I purchased her from Blaizn Reptiles in Fla but she was originally a CB baby from one of their regular customers.

And no her tail is not kinked. She just had it bent funny in that pic. I loved that picture until I saw that lol

----------


## joepythons

She is sweet looking  :Good Job: .I told you they are very smart and curious  :Razz: .I am sure if she could talk, she would have a few special words for you for teasing her with the open the tub and no rat game  :sploosh:

----------

Foschi Exotic Serpents (02-08-2010)

----------


## joepythons

Oh yea the polls are getting a little over board lately  :Weirdface:

----------


## starfire

Beautiful girl... her colors blend in a nice rich gradient. Lovely. 

In that last photo you can almost see the wheels turning in her mind.... No doubt she'll be an adventure. Thanks for posting the pics.

--Starfire

----------

Foschi Exotic Serpents (02-08-2010)

----------


## het.pied

that is a gorgeous snake! how much was it?

----------

Foschi Exotic Serpents (02-08-2010)

----------


## alohareptiles

Love my SD's too...Very inquisitive and like you said..."HATES" going back in her tub...My SD Tiger boy has a 3' crib he resides, so he doesn't mind going back in there...

----------

Foschi Exotic Serpents (02-08-2010)

----------


## Foschi Exotic Serpents

And here is a close up taken today right after she shed..

----------

starfire (12-15-2009)

----------


## Moofins07

SD Retic is definitely on my list.
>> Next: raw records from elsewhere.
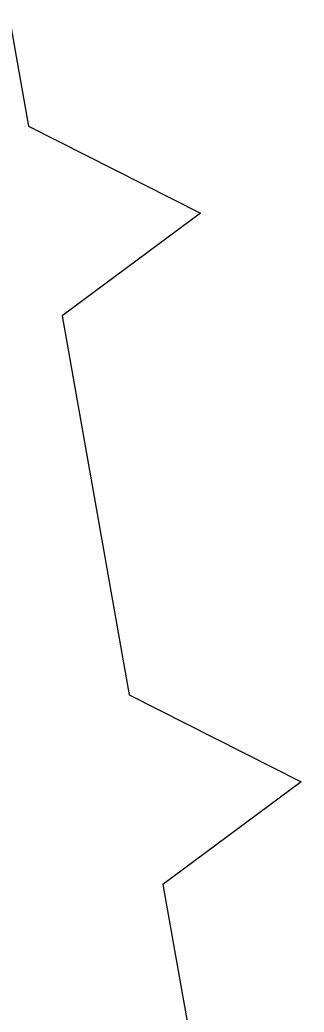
# Model space of a CAD drawing. Header units: millimetres. Extents: x -13407 to 95998, y -2611 to 109495.
# Drawn here: x 17340.17 to 17341.069, y 51167.641 to 51170.784 of the extents above; entities that cross this region are included whole.
import ezdxf
from ezdxf import colors
from ezdxf.entities.mleader import LeaderData, LeaderLine
from ezdxf.math import Vec2, Vec3

# ---------------------------------------------------------------- set-up
doc = ezdxf.new("R2010")
doc.units = ezdxf.units.MM
doc.linetypes.add('HIDDEN', pattern=[6, 4, -2])
for name, color, linetype, lineweight in [('АР_Отметки', 250, 'Continuous', 15), ('АР_Размеры', 175, 'Continuous', 9), ('АР_Сущ Несущая стена', 202, 'Continuous', 30), ('перекр 0.3', 181, 'Continuous', 30)]:
    doc.layers.add(name, color=color, linetype=linetype, lineweight=lineweight)
doc.styles.add('ISOCPEUR', font='isocpeur.ttf', dxfattribs={"width": 0.7})

# ---------------------------------------------------------------- blocks, each defined once
blk = doc.blocks.new('_DotSmall')
at = {"color": 0, "linetype": 'ByBlock', "const_width": 0.5}
blk.add_lwpolyline([(-0.0625, 0, 1), (0.0625, 0, 1)], format="xyb", close=True, dxfattribs=at)

msp = doc.modelspace()

# ---------------------------------------------------------------- linework, layer by layer
at = {"layer": 'АР_Размеры', "color": 5, "lineweight": 0, "ltscale": 100, "transparency": 33554687}
msp.add_lwpolyline([(17336.7246, 51166.9832), (17336.5118, 51168.1837), (17335.9677, 51168.4588), (17336.4054, 51168.784), (17336.1927, 51169.9845), (17335.6486, 51170.2595), (17336.0863, 51170.5848), (17335.9586, 51171.3051), (17336.6986, 51173.4173), (17338.3794, 51173.7152), (17339.6376, 51172.2048), (17340.4218, 51171.9723), (17339.9841, 51171.6471), (17340.1969, 51170.4465), (17340.741, 51170.1715), (17340.3033, 51169.8463), (17340.516, 51168.6458), (17341.0601, 51168.3707), (17340.6224, 51168.0455), (17340.8352, 51166.845)], dxfattribs=at)
msp.add_lwpolyline([(17336.7246, 51166.9832), (17336.5118, 51168.1837), (17335.9677, 51168.4588), (17336.4054, 51168.784), (17336.1927, 51169.9845), (17335.6486, 51170.2595), (17336.0863, 51170.5848), (17335.9586, 51171.3051), (17336.6986, 51173.4173), (17338.3794, 51173.7152), (17339.6376, 51172.2048), (17340.4218, 51171.9723), (17339.9841, 51171.6471), (17340.1969, 51170.4465), (17340.741, 51170.1715), (17340.3033, 51169.8463), (17340.516, 51168.6458), (17341.0601, 51168.3707), (17340.6224, 51168.0455), (17340.8352, 51166.845)], dxfattribs=at)
msp.add_lwpolyline([(17336.7246, 51166.9832), (17336.5118, 51168.1837), (17335.9677, 51168.4588), (17336.4054, 51168.784), (17336.1927, 51169.9845), (17335.6486, 51170.2595), (17336.0863, 51170.5848), (17335.9586, 51171.3051), (17336.6986, 51173.4173), (17338.3794, 51173.7152), (17339.6376, 51172.2048), (17340.4218, 51171.9723), (17339.9841, 51171.6471), (17340.1969, 51170.4465), (17340.741, 51170.1715), (17340.3033, 51169.8463), (17340.516, 51168.6458), (17341.0601, 51168.3707), (17340.6224, 51168.0455), (17340.8352, 51166.845)], dxfattribs=at)
msp.add_lwpolyline([(17336.7246, 51166.9832), (17336.5118, 51168.1837), (17335.9677, 51168.4588), (17336.4054, 51168.784), (17336.1927, 51169.9845), (17335.6486, 51170.2595), (17336.0863, 51170.5848), (17335.9586, 51171.3051), (17336.6986, 51173.4173), (17338.3794, 51173.7152), (17339.6376, 51172.2048), (17340.4218, 51171.9723), (17339.9841, 51171.6471), (17340.1969, 51170.4465), (17340.741, 51170.1715), (17340.3033, 51169.8463), (17340.516, 51168.6458), (17341.0601, 51168.3707), (17340.6224, 51168.0455), (17340.8352, 51166.845)], dxfattribs=at)
msp.add_lwpolyline([(17336.7246, 51166.9832), (17336.5118, 51168.1837), (17335.9677, 51168.4588), (17336.4054, 51168.784), (17336.1927, 51169.9845), (17335.6486, 51170.2595), (17336.0863, 51170.5848), (17335.9586, 51171.3051), (17336.6986, 51173.4173), (17338.3794, 51173.7152), (17339.6376, 51172.2048), (17340.4218, 51171.9723), (17339.9841, 51171.6471), (17340.1969, 51170.4465), (17340.741, 51170.1715), (17340.3033, 51169.8463), (17340.516, 51168.6458), (17341.0601, 51168.3707), (17340.6224, 51168.0455), (17340.8352, 51166.845)], dxfattribs=at)
msp.add_lwpolyline([(17336.7246, 51166.9832), (17336.5118, 51168.1837), (17335.9677, 51168.4588), (17336.4054, 51168.784), (17336.1927, 51169.9845), (17335.6486, 51170.2595), (17336.0863, 51170.5848), (17335.9586, 51171.3051), (17336.6986, 51173.4173), (17338.3794, 51173.7152), (17339.6376, 51172.2048), (17340.4218, 51171.9723), (17339.9841, 51171.6471), (17340.1969, 51170.4465), (17340.741, 51170.1715), (17340.3033, 51169.8463), (17340.516, 51168.6458), (17341.0601, 51168.3707), (17340.6224, 51168.0455), (17340.8352, 51166.845)], dxfattribs=at)
msp.add_lwpolyline([(17336.7246, 51166.9832), (17336.5118, 51168.1837), (17335.9677, 51168.4588), (17336.4054, 51168.784), (17336.1927, 51169.9845), (17335.6486, 51170.2595), (17336.0863, 51170.5848), (17335.9586, 51171.3051), (17336.6986, 51173.4173), (17338.3794, 51173.7152), (17339.6376, 51172.2048), (17340.4218, 51171.9723), (17339.9841, 51171.6471), (17340.1969, 51170.4465), (17340.741, 51170.1715), (17340.3033, 51169.8463), (17340.516, 51168.6458), (17341.0601, 51168.3707), (17340.6224, 51168.0455), (17340.8352, 51166.845)], dxfattribs=at)
msp.add_lwpolyline([(17336.7246, 51166.9832), (17336.5118, 51168.1837), (17335.9677, 51168.4588), (17336.4054, 51168.784), (17336.1927, 51169.9845), (17335.6486, 51170.2595), (17336.0863, 51170.5848), (17335.9586, 51171.3051), (17336.6986, 51173.4173), (17338.3794, 51173.7152), (17339.6376, 51172.2048), (17340.4218, 51171.9723), (17339.9841, 51171.6471), (17340.1969, 51170.4465), (17340.741, 51170.1715), (17340.3033, 51169.8463), (17340.516, 51168.6458), (17341.0601, 51168.3707), (17340.6224, 51168.0455), (17340.8352, 51166.845)], dxfattribs=at)
msp.add_lwpolyline([(17336.7246, 51166.9832), (17336.5118, 51168.1837), (17335.9677, 51168.4588), (17336.4054, 51168.784), (17336.1927, 51169.9845), (17335.6486, 51170.2595), (17336.0863, 51170.5848), (17335.9586, 51171.3051), (17336.6986, 51173.4173), (17338.3794, 51173.7152), (17339.6376, 51172.2048), (17340.4218, 51171.9723), (17339.9841, 51171.6471), (17340.1969, 51170.4465), (17340.741, 51170.1715), (17340.3033, 51169.8463), (17340.516, 51168.6458), (17341.0601, 51168.3707), (17340.6224, 51168.0455), (17340.8352, 51166.845)], dxfattribs=at)
msp.add_lwpolyline([(17336.7246, 51166.9832), (17336.5118, 51168.1837), (17335.9677, 51168.4588), (17336.4054, 51168.784), (17336.1927, 51169.9845), (17335.6486, 51170.2595), (17336.0863, 51170.5848), (17335.9586, 51171.3051), (17336.6986, 51173.4173), (17338.3794, 51173.7152), (17339.6376, 51172.2048), (17340.4218, 51171.9723), (17339.9841, 51171.6471), (17340.1969, 51170.4465), (17340.741, 51170.1715), (17340.3033, 51169.8463), (17340.516, 51168.6458), (17341.0601, 51168.3707), (17340.6224, 51168.0455), (17340.8352, 51166.845)], dxfattribs=at)
msp.add_lwpolyline([(17336.7246, 51166.9832), (17336.5118, 51168.1837), (17335.9677, 51168.4588), (17336.4054, 51168.784), (17336.1927, 51169.9845), (17335.6486, 51170.2595), (17336.0863, 51170.5848), (17335.9586, 51171.3051), (17336.6986, 51173.4173), (17338.3794, 51173.7152), (17339.6376, 51172.2048), (17340.4218, 51171.9723), (17339.9841, 51171.6471), (17340.1969, 51170.4465), (17340.741, 51170.1715), (17340.3033, 51169.8463), (17340.516, 51168.6458), (17341.0601, 51168.3707), (17340.6224, 51168.0455), (17340.8352, 51166.845)], dxfattribs=at)
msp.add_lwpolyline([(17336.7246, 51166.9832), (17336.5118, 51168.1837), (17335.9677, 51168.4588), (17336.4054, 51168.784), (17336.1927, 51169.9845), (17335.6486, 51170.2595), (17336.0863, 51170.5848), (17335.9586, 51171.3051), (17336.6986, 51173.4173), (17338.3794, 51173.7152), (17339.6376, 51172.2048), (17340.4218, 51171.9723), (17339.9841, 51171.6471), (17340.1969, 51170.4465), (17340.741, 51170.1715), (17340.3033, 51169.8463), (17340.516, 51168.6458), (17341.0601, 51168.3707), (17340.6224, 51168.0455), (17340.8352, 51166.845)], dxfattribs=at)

When I do, I only intend to get one, since I'm more fascinated with breeding BPs, but I've always wanted something daunting like a giant python, but knew I could never house something so big. Then I just recently noticed the Super Dwarfs. I thought, "Wow, my dream has become reality."  :Surprised: 

I will for sure be picking one of those beauties up somewhere down the line.  :Good Job:

----------

Foschi Exotic Serpents (02-08-2010)

----------